TASK STATEMENT:
Provide an exact copy of the data, excluding the images.

RECORDS PROVIDED:
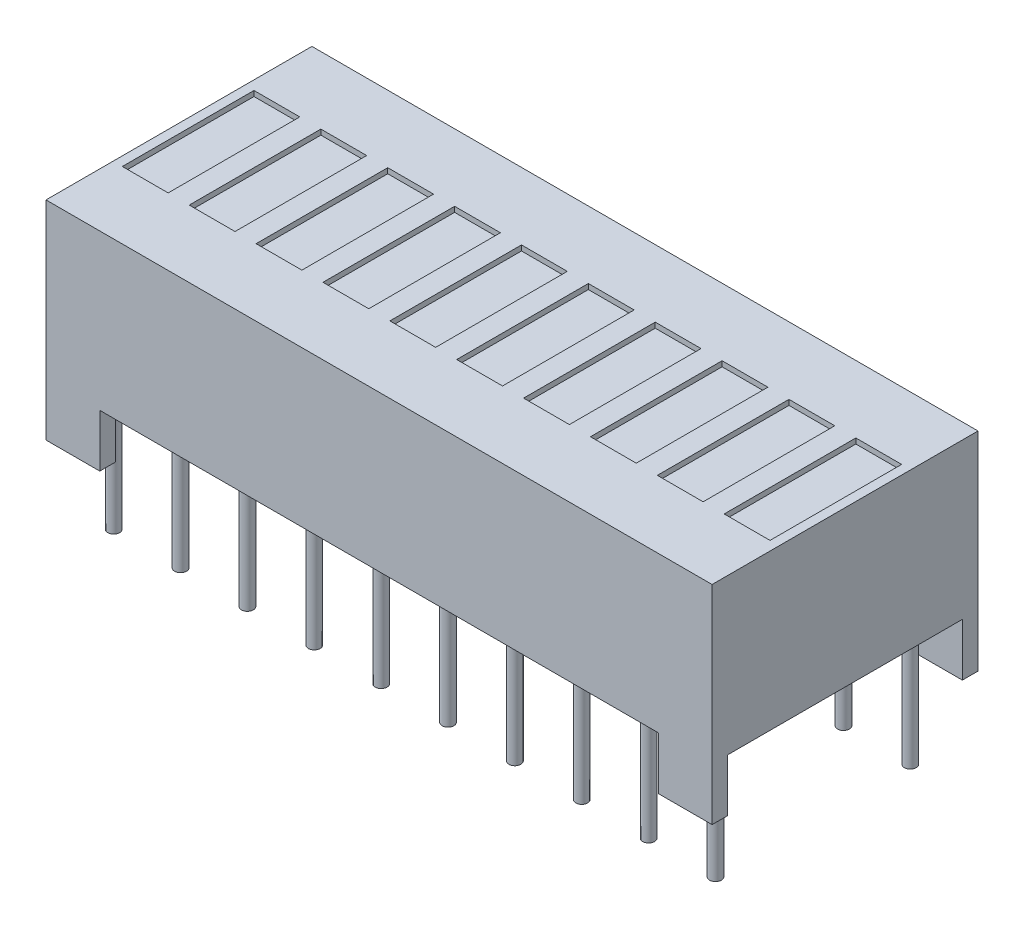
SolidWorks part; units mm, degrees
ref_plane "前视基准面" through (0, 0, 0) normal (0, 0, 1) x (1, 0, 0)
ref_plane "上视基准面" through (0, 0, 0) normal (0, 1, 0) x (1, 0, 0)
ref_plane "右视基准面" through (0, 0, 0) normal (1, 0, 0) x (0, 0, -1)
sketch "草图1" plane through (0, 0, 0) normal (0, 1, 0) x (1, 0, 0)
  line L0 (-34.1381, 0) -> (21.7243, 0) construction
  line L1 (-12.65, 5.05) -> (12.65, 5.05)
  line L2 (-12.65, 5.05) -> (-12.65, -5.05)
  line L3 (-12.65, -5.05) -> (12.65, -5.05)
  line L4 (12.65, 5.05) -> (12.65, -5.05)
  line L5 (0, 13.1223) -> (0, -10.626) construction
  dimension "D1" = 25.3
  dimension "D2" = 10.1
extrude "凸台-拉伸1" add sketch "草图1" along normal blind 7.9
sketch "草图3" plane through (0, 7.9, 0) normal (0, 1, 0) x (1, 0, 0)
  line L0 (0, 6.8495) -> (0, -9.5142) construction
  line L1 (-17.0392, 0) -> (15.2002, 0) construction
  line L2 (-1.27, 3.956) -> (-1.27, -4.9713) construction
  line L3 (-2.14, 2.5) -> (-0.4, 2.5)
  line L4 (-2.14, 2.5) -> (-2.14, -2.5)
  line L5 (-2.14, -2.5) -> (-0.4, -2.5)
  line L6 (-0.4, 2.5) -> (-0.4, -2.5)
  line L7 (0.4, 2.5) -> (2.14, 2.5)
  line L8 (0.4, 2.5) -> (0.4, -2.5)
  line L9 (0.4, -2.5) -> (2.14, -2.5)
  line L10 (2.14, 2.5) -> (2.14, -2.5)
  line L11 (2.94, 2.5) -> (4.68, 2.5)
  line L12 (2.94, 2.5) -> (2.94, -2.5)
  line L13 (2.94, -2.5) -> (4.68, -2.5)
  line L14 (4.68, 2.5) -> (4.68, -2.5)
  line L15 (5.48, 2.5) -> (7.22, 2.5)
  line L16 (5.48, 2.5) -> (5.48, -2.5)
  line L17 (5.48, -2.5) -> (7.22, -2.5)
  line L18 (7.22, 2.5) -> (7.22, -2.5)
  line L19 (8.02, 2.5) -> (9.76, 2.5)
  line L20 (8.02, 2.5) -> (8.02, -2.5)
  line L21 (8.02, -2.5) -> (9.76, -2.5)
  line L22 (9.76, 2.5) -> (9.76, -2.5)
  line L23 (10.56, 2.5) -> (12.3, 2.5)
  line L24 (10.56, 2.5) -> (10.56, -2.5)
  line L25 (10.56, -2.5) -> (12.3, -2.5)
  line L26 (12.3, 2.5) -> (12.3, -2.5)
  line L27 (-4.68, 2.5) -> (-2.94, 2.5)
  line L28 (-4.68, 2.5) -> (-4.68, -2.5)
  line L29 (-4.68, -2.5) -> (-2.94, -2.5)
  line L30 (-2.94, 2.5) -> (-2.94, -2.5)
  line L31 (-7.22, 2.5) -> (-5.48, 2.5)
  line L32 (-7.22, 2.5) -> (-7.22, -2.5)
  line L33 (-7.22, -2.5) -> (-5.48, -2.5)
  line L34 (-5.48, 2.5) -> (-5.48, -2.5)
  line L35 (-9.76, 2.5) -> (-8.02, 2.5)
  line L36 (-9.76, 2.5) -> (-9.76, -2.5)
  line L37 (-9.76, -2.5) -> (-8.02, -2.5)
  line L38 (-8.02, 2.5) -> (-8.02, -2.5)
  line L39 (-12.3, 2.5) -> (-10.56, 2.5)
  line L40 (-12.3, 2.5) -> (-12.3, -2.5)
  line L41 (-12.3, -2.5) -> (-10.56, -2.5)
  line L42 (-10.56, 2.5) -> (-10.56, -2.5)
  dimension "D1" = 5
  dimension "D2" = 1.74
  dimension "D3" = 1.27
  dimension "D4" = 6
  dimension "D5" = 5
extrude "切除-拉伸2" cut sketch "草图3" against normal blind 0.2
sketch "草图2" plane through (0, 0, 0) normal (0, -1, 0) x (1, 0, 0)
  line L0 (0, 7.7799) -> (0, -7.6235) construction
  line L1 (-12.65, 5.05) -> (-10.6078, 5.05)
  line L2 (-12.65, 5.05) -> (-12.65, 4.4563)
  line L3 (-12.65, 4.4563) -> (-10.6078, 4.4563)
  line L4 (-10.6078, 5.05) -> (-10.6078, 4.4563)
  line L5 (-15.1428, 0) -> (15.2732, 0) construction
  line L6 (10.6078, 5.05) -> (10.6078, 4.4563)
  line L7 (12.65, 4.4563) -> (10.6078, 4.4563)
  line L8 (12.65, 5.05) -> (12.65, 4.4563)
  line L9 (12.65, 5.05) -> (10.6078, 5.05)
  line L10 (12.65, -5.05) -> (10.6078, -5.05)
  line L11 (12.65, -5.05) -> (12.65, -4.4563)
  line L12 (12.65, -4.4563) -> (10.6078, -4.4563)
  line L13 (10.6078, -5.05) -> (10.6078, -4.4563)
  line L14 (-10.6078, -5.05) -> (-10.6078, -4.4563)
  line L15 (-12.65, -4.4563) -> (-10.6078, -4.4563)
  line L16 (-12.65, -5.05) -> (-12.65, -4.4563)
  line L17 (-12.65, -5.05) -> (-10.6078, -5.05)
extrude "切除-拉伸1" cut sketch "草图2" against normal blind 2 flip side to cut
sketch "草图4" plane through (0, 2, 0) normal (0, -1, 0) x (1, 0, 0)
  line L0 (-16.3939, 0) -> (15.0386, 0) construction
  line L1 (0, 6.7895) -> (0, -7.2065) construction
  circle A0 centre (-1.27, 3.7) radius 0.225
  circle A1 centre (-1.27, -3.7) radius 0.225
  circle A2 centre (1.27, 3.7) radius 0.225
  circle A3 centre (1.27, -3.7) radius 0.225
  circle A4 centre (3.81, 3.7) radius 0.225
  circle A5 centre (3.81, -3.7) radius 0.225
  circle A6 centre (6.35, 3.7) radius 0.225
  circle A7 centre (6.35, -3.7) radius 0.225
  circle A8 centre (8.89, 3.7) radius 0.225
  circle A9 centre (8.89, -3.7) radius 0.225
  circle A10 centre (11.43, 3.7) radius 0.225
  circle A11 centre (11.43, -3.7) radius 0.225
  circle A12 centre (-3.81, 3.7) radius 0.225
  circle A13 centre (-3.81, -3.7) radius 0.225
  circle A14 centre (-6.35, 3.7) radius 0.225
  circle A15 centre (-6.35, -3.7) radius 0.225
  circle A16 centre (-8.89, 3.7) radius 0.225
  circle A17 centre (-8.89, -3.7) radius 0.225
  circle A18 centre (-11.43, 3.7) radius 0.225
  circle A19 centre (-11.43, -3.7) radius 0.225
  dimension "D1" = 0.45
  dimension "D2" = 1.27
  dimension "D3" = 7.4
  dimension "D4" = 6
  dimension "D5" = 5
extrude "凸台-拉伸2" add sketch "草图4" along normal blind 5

OUTPUT:
SolidWorks part; units mm, degrees
ref_plane "前视基准面" through (0, 0, 0) normal (0, 0, 1) x (1, 0, 0)
ref_plane "上视基准面" through (0, 0, 0) normal (0, 1, 0) x (1, 0, 0)
ref_plane "右视基准面" through (0, 0, 0) normal (1, 0, 0) x (0, 0, -1)
sketch "草图1" plane through (0, 0, 0) normal (0, 1, 0) x (1, 0, 0)
  line L0 (-34.1381, 0) -> (21.7243, 0) construction
  line L1 (-12.65, 5.05) -> (12.65, 5.05)
  line L2 (-12.65, 5.05) -> (-12.65, -5.05)
  line L3 (-12.65, -5.05) -> (12.65, -5.05)
  line L4 (12.65, 5.05) -> (12.65, -5.05)
  line L5 (0, 13.1223) -> (0, -10.626) construction
  dimension "D1" = 25.3
  dimension "D2" = 10.1
extrude "凸台-拉伸1" add sketch "草图1" along normal blind 7.9
sketch "草图3" plane through (0, 7.9, 0) normal (0, 1, 0) x (1, 0, 0)
  line L0 (0, 6.8495) -> (0, -9.5142) construction
  line L1 (-17.0392, 0) -> (15.2002, 0) construction
  line L2 (-1.27, 3.956) -> (-1.27, -4.9713) construction
  line L3 (-2.14, 2.5) -> (-0.4, 2.5)
  line L4 (-2.14, 2.5) -> (-2.14, -2.5)
  line L5 (-2.14, -2.5) -> (-0.4, -2.5)
  line L6 (-0.4, 2.5) -> (-0.4, -2.5)
  line L7 (0.4, 2.5) -> (2.14, 2.5)
  line L8 (0.4, 2.5) -> (0.4, -2.5)
  line L9 (0.4, -2.5) -> (2.14, -2.5)
  line L10 (2.14, 2.5) -> (2.14, -2.5)
  line L11 (2.94, 2.5) -> (4.68, 2.5)
  line L12 (2.94, 2.5) -> (2.94, -2.5)
  line L13 (2.94, -2.5) -> (4.68, -2.5)
  line L14 (4.68, 2.5) -> (4.68, -2.5)
  line L15 (5.48, 2.5) -> (7.22, 2.5)
  line L16 (5.48, 2.5) -> (5.48, -2.5)
  line L17 (5.48, -2.5) -> (7.22, -2.5)
  line L18 (7.22, 2.5) -> (7.22, -2.5)
  line L19 (8.02, 2.5) -> (9.76, 2.5)
  line L20 (8.02, 2.5) -> (8.02, -2.5)
  line L21 (8.02, -2.5) -> (9.76, -2.5)
  line L22 (9.76, 2.5) -> (9.76, -2.5)
  line L23 (10.56, 2.5) -> (12.3, 2.5)
  line L24 (10.56, 2.5) -> (10.56, -2.5)
  line L25 (10.56, -2.5) -> (12.3, -2.5)
  line L26 (12.3, 2.5) -> (12.3, -2.5)
  line L27 (-4.68, 2.5) -> (-2.94, 2.5)
  line L28 (-4.68, 2.5) -> (-4.68, -2.5)
  line L29 (-4.68, -2.5) -> (-2.94, -2.5)
  line L30 (-2.94, 2.5) -> (-2.94, -2.5)
  line L31 (-7.22, 2.5) -> (-5.48, 2.5)
  line L32 (-7.22, 2.5) -> (-7.22, -2.5)
  line L33 (-7.22, -2.5) -> (-5.48, -2.5)
  line L34 (-5.48, 2.5) -> (-5.48, -2.5)
  line L35 (-9.76, 2.5) -> (-8.02, 2.5)
  line L36 (-9.76, 2.5) -> (-9.76, -2.5)
  line L37 (-9.76, -2.5) -> (-8.02, -2.5)
  line L38 (-8.02, 2.5) -> (-8.02, -2.5)
  line L39 (-12.3, 2.5) -> (-10.56, 2.5)
  line L40 (-12.3, 2.5) -> (-12.3, -2.5)
  line L41 (-12.3, -2.5) -> (-10.56, -2.5)
  line L42 (-10.56, 2.5) -> (-10.56, -2.5)
  dimension "D1" = 5
  dimension "D2" = 1.74
  dimension "D3" = 1.27
  dimension "D4" = 6
  dimension "D5" = 5
extrude "切除-拉伸2" cut sketch "草图3" against normal blind 0.2
sketch "草图2" plane through (0, 0, 0) normal (0, -1, 0) x (1, 0, 0)
  line L0 (0, 7.7799) -> (0, -7.6235) construction
  line L1 (-12.65, 5.05) -> (-10.6078, 5.05)
  line L2 (-12.65, 5.05) -> (-12.65, 4.4563)
  line L3 (-12.65, 4.4563) -> (-10.6078, 4.4563)
  line L4 (-10.6078, 5.05) -> (-10.6078, 4.4563)
  line L5 (-15.1428, 0) -> (15.2732, 0) construction
  line L6 (10.6078, 5.05) -> (10.6078, 4.4563)
  line L7 (12.65, 4.4563) -> (10.6078, 4.4563)
  line L8 (12.65, 5.05) -> (12.65, 4.4563)
  line L9 (12.65, 5.05) -> (10.6078, 5.05)
  line L10 (12.65, -5.05) -> (10.6078, -5.05)
  line L11 (12.65, -5.05) -> (12.65, -4.4563)
  line L12 (12.65, -4.4563) -> (10.6078, -4.4563)
  line L13 (10.6078, -5.05) -> (10.6078, -4.4563)
  line L14 (-10.6078, -5.05) -> (-10.6078, -4.4563)
  line L15 (-12.65, -4.4563) -> (-10.6078, -4.4563)
  line L16 (-12.65, -5.05) -> (-12.65, -4.4563)
  line L17 (-12.65, -5.05) -> (-10.6078, -5.05)
extrude "切除-拉伸1" cut sketch "草图2" against normal blind 2 flip side to cut
sketch "草图4" plane through (0, 2, 0) normal (0, -1, 0) x (1, 0, 0)
  line L0 (-16.3939, 0) -> (15.0386, 0) construction
  line L1 (0, 6.7895) -> (0, -7.2065) construction
  circle A0 centre (-1.27, 3.7) radius 0.225
  circle A1 centre (-1.27, -3.7) radius 0.225
  circle A2 centre (1.27, 3.7) radius 0.225
  circle A3 centre (1.27, -3.7) radius 0.225
  circle A4 centre (3.81, 3.7) radius 0.225
  circle A5 centre (3.81, -3.7) radius 0.225
  circle A6 centre (6.35, 3.7) radius 0.225
  circle A7 centre (6.35, -3.7) radius 0.225
  circle A8 centre (8.89, 3.7) radius 0.225
  circle A9 centre (8.89, -3.7) radius 0.225
  circle A10 centre (11.43, 3.7) radius 0.225
  circle A11 centre (11.43, -3.7) radius 0.225
  circle A12 centre (-3.81, 3.7) radius 0.225
  circle A13 centre (-3.81, -3.7) radius 0.225
  circle A14 centre (-6.35, 3.7) radius 0.225
  circle A15 centre (-6.35, -3.7) radius 0.225
  circle A16 centre (-8.89, 3.7) radius 0.225
  circle A17 centre (-8.89, -3.7) radius 0.225
  circle A18 centre (-11.43, 3.7) radius 0.225
  circle A19 centre (-11.43, -3.7) radius 0.225
  dimension "D1" = 0.45
  dimension "D2" = 1.27
  dimension "D3" = 7.4
  dimension "D4" = 6
  dimension "D5" = 5
extrude "凸台-拉伸2" add sketch "草图4" along normal blind 5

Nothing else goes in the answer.